As far as I know, these are the easiest Mods:

- Stock 2C Mag + 2x AW 'C' Li-ion + Mag 6D Xenon bulb = how many lumens should I get out of this?

- 2C Mag with UCL lens + 2x AW 'C' Li-ion + Aluminum reflector + Pelican Big D LOLA = Lumen?

- 2C Mag with UCL or Borofloat + 2x AW 'C' Li-ion + Aluminum reflector + Pelican Bid D HOLA = 600 lumens achievable? 

Do I need to do some resistance mod or button or socket replacement in order to run the ROP HOLA?

Thanks in advance.


----------



## Seiko (Apr 9, 2009)

Another "cheap" option is 
Reflector from FiveMega $25
G4 socket from FM $16 or $19 (depending brass or stainless) Will run 1111,1185, 5761 and a bunch of others
Lens (ucl or boro) $7
If you are going to run 18650's get downloads 2c mag ring kit $22 shipped.
So $70 + another 10 or so for shipping and whatever batteries and bulb you go with.

I just built the above set up, running a 5761, and I love it. I would like to run the AW C size, but they are not available, and for the used ones on the market are $40ish ea. So until they are out again stick with the 18650....

Is run time a big concern? If it is then you will want the C cells....


----------



## Outdoors Fanatic (Apr 9, 2009)

Seiko said:


> Another "cheap" option is
> Reflector from FiveMega $25
> G4 socket from FM $16 or $19 (depending brass or stainless) Will run 1111,1185, 5761 and a bunch of others
> Lens (ucl or boro) $7
> ...


Ok, do you have any links for those parts?

I'd prefer to use C Li-Ion for the extra runtimes, since 18650 IMR have little capacity... but I'm ok with that as long I as get more than decent outputs.

Thanks.


----------



## Seiko (Apr 9, 2009)

Outdoors Fanatic said:


> Ok, do you have any links for those parts?
> 
> I'd prefer to use C Li-Ion for the extra runtimes, since 18650 IMR have little capacity... but I'm ok with that as long I as get more than decent outputs.
> 
> Thanks.



lamp socket for mag
https://www.candlepowerforums.com/threads/179891

Reflector This is the one I got, he has several other ones with smaller openings.
https://www.candlepowerforums.com/threads/215018

Lens can be purchased at lighthound.com, or flashlightlens.com

downloads c ring kit
https://www.candlepowerforums.com/threads/178764
Don't need this unless going with 18650's, but you will need to do some work on the tail cap spring and maybe a spacer of your own making to run the AW C's
The output will be the same 18650 or C but the C will have a much greater run time.


----------



## Ogg Vorbis (Apr 9, 2009)

I'd recommend download's C ring kit, makes it very easy to use 18650 and is reversable in the future. I love the 2C form factor btw!
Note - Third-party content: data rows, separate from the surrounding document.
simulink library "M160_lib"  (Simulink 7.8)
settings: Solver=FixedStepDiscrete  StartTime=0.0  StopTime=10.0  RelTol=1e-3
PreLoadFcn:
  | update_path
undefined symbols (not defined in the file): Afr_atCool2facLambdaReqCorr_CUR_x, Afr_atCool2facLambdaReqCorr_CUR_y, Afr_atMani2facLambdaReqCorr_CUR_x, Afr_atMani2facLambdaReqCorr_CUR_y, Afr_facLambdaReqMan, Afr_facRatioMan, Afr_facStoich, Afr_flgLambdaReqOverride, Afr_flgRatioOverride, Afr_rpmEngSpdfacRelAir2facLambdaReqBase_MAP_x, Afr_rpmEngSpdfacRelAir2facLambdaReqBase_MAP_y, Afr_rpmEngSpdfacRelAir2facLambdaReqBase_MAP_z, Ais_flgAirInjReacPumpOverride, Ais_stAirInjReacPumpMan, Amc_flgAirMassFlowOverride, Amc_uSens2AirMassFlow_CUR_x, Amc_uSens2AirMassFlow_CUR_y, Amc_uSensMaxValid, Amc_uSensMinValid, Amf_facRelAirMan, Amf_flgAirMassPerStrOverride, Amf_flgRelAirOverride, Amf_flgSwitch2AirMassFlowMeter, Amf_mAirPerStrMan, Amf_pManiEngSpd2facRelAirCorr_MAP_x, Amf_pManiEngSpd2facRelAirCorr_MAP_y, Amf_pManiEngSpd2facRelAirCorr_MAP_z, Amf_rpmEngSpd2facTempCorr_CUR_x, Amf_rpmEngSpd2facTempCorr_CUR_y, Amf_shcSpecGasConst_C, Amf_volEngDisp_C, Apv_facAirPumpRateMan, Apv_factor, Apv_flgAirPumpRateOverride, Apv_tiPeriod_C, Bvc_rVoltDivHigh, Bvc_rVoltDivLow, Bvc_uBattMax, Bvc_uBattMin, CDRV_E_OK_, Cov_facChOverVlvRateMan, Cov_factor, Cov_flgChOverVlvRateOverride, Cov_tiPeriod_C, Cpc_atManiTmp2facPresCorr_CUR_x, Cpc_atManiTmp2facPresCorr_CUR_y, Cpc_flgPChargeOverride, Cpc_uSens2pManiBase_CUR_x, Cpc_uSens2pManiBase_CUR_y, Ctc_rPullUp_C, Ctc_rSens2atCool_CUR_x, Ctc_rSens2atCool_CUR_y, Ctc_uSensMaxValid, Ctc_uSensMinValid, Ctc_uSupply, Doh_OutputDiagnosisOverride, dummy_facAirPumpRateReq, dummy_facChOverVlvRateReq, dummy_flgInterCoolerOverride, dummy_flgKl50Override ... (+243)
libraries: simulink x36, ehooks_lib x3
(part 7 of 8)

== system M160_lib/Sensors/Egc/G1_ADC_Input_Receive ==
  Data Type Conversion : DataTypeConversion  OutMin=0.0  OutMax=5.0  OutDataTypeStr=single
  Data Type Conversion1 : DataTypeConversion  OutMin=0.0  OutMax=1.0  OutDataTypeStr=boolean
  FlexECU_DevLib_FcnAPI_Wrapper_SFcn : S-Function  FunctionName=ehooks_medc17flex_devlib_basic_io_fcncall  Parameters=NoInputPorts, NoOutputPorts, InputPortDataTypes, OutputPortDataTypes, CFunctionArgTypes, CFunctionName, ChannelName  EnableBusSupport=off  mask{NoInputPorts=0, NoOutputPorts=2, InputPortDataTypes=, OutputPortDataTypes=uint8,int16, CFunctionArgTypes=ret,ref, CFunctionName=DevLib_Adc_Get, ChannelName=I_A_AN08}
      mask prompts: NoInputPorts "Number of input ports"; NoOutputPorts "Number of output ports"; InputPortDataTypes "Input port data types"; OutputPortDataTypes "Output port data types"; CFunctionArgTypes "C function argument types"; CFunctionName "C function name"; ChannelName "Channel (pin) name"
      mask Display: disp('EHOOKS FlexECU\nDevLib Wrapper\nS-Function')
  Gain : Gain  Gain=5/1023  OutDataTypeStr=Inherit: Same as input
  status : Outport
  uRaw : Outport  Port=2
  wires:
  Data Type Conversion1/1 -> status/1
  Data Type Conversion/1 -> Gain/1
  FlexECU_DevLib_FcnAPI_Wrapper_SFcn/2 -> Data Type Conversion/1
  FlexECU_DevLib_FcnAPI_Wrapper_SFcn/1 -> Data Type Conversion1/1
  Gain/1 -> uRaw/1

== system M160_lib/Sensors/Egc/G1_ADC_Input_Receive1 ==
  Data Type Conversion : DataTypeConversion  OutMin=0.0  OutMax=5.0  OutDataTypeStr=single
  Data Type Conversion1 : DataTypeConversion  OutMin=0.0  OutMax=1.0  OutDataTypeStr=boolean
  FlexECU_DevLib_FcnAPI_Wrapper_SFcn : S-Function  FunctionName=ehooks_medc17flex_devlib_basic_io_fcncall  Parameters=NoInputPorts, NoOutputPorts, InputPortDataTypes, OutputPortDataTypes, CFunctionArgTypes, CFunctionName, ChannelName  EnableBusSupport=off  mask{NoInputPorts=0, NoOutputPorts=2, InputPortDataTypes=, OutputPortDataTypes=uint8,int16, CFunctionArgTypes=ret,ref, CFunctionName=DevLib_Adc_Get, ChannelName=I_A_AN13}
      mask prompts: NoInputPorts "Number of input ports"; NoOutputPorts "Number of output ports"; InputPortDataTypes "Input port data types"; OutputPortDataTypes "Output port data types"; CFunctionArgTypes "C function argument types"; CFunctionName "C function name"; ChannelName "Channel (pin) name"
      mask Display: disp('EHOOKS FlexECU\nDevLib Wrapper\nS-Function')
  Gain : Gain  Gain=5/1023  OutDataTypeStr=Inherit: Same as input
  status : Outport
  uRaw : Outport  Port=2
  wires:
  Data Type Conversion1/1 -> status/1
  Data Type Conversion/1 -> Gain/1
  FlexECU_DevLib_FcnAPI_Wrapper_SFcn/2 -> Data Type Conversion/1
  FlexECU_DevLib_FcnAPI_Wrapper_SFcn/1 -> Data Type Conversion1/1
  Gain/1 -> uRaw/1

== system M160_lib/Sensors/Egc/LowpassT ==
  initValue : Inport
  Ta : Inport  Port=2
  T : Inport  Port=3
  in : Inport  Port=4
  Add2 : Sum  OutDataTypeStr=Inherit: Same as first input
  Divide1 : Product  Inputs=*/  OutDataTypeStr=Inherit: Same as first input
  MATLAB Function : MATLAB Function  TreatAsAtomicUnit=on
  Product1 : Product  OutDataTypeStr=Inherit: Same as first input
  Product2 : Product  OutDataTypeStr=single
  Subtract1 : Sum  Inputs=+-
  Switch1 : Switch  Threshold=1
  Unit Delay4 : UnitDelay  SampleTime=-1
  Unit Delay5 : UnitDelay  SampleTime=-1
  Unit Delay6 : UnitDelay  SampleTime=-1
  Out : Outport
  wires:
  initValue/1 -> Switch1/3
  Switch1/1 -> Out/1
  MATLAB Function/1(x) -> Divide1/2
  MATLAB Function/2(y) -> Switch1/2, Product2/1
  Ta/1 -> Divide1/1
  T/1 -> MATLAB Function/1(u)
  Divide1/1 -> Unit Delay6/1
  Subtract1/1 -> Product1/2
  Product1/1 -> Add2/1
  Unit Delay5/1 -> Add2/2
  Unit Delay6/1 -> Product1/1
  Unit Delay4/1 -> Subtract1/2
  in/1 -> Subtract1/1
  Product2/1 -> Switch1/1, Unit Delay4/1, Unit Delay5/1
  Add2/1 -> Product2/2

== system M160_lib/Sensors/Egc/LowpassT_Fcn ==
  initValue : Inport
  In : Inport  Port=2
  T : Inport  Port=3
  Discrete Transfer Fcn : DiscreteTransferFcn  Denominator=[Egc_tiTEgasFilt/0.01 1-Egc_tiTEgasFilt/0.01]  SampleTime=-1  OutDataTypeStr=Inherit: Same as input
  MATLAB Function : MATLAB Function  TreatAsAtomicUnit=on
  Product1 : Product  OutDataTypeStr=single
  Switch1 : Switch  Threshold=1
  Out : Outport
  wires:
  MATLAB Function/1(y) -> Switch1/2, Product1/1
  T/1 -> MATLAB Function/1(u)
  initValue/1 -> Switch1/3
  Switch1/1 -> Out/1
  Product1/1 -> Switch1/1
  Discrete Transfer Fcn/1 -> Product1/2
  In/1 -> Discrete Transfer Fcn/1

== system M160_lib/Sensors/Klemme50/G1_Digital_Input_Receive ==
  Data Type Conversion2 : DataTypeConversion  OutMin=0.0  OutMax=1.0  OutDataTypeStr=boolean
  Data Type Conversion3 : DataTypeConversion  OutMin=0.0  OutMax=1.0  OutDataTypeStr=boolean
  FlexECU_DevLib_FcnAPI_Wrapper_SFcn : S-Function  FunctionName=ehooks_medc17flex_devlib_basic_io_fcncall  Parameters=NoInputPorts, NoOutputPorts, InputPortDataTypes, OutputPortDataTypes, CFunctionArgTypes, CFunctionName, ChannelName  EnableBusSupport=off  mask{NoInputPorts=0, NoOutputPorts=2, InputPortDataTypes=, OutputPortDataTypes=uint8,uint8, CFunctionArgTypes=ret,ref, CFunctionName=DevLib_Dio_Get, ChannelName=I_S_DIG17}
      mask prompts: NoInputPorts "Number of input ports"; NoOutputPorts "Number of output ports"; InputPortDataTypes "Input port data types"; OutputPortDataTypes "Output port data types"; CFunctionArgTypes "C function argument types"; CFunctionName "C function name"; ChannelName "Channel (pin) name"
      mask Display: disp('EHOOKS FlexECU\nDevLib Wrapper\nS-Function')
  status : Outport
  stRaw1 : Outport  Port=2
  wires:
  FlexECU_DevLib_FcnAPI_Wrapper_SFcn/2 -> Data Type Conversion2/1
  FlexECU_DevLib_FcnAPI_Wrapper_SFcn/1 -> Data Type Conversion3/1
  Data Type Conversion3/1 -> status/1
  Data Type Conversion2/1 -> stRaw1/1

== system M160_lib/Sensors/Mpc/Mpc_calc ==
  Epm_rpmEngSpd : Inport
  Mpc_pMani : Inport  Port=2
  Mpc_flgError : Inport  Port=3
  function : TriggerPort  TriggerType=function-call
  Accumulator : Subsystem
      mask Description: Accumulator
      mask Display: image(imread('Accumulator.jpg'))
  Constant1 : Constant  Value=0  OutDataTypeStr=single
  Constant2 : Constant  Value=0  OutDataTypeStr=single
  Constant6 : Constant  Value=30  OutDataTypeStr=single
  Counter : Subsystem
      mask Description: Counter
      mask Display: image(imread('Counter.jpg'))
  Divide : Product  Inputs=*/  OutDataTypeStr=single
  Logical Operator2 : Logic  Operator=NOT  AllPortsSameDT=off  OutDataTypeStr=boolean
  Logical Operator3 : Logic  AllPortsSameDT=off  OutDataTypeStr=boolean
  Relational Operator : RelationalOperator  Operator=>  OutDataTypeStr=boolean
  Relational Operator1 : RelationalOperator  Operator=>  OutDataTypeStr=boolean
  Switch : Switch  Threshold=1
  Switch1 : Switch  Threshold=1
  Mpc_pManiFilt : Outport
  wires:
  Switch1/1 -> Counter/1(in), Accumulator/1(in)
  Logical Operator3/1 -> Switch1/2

Some cheaper parts (reflector, lens, G4 bi-pin) can be found on KD...

Dan


----------



## Outdoors Fanatic (Apr 9, 2009)

What's the expected runtimes for these lamps on 2x18650 IMR?

- ROP Low
- ROP High
- Mag 6D Xenon
- WA 1185 (3xRCR IMRs are needed right?)

Thanks again.


----------



## gswitter (Apr 9, 2009)

FM makes a tailcap for running 2x 18650 as well.


----------



## ElectronGuru (Apr 10, 2009)

Wait just a bit for IMR 26500's. High discharge C's, perfect for high performance incans loaded in a Mag C:

http://www.cpfmarketplace.com/mp/showthread.php?t=191277&page=3


----------



## Outdoors Fanatic (Apr 10, 2009)

ElectronGuru said:


> Wait just a bit for IMR 26500's. High discharge C's, perfect for high performance incans loaded in a Mag C:
> 
> http://www.cpfmarketplace.com/mp/showthread.php?t=191277&page=3


That will be a dream come true!


----------



## Seiko (Apr 10, 2009)

Outdoors Fanatic said:


> What's the expected runtimes for these lamps on 2x18650 IMR?
> 
> - ROP Low
> - ROP High
> ...



Heres the best explanation on how to figure run time I have seen. This is by DM51 in another thread.



DM51 said:


> Working out runtime is not difficult. Divide the capacity of the cell (mAh) by the current (mA). That gives you the time in hours (h). Multiply by 60 to get mins. Then reckon on a usable 80% of that time to avoid discharging the cell too low.
> 
> As with other hotwire set-ups, just make sure you don't let the light get too hot to touch. Keep it in your hand, don't set it down while it is running.
> 
> If the head gets very hot, this could overheat the batteries, and you don't want that.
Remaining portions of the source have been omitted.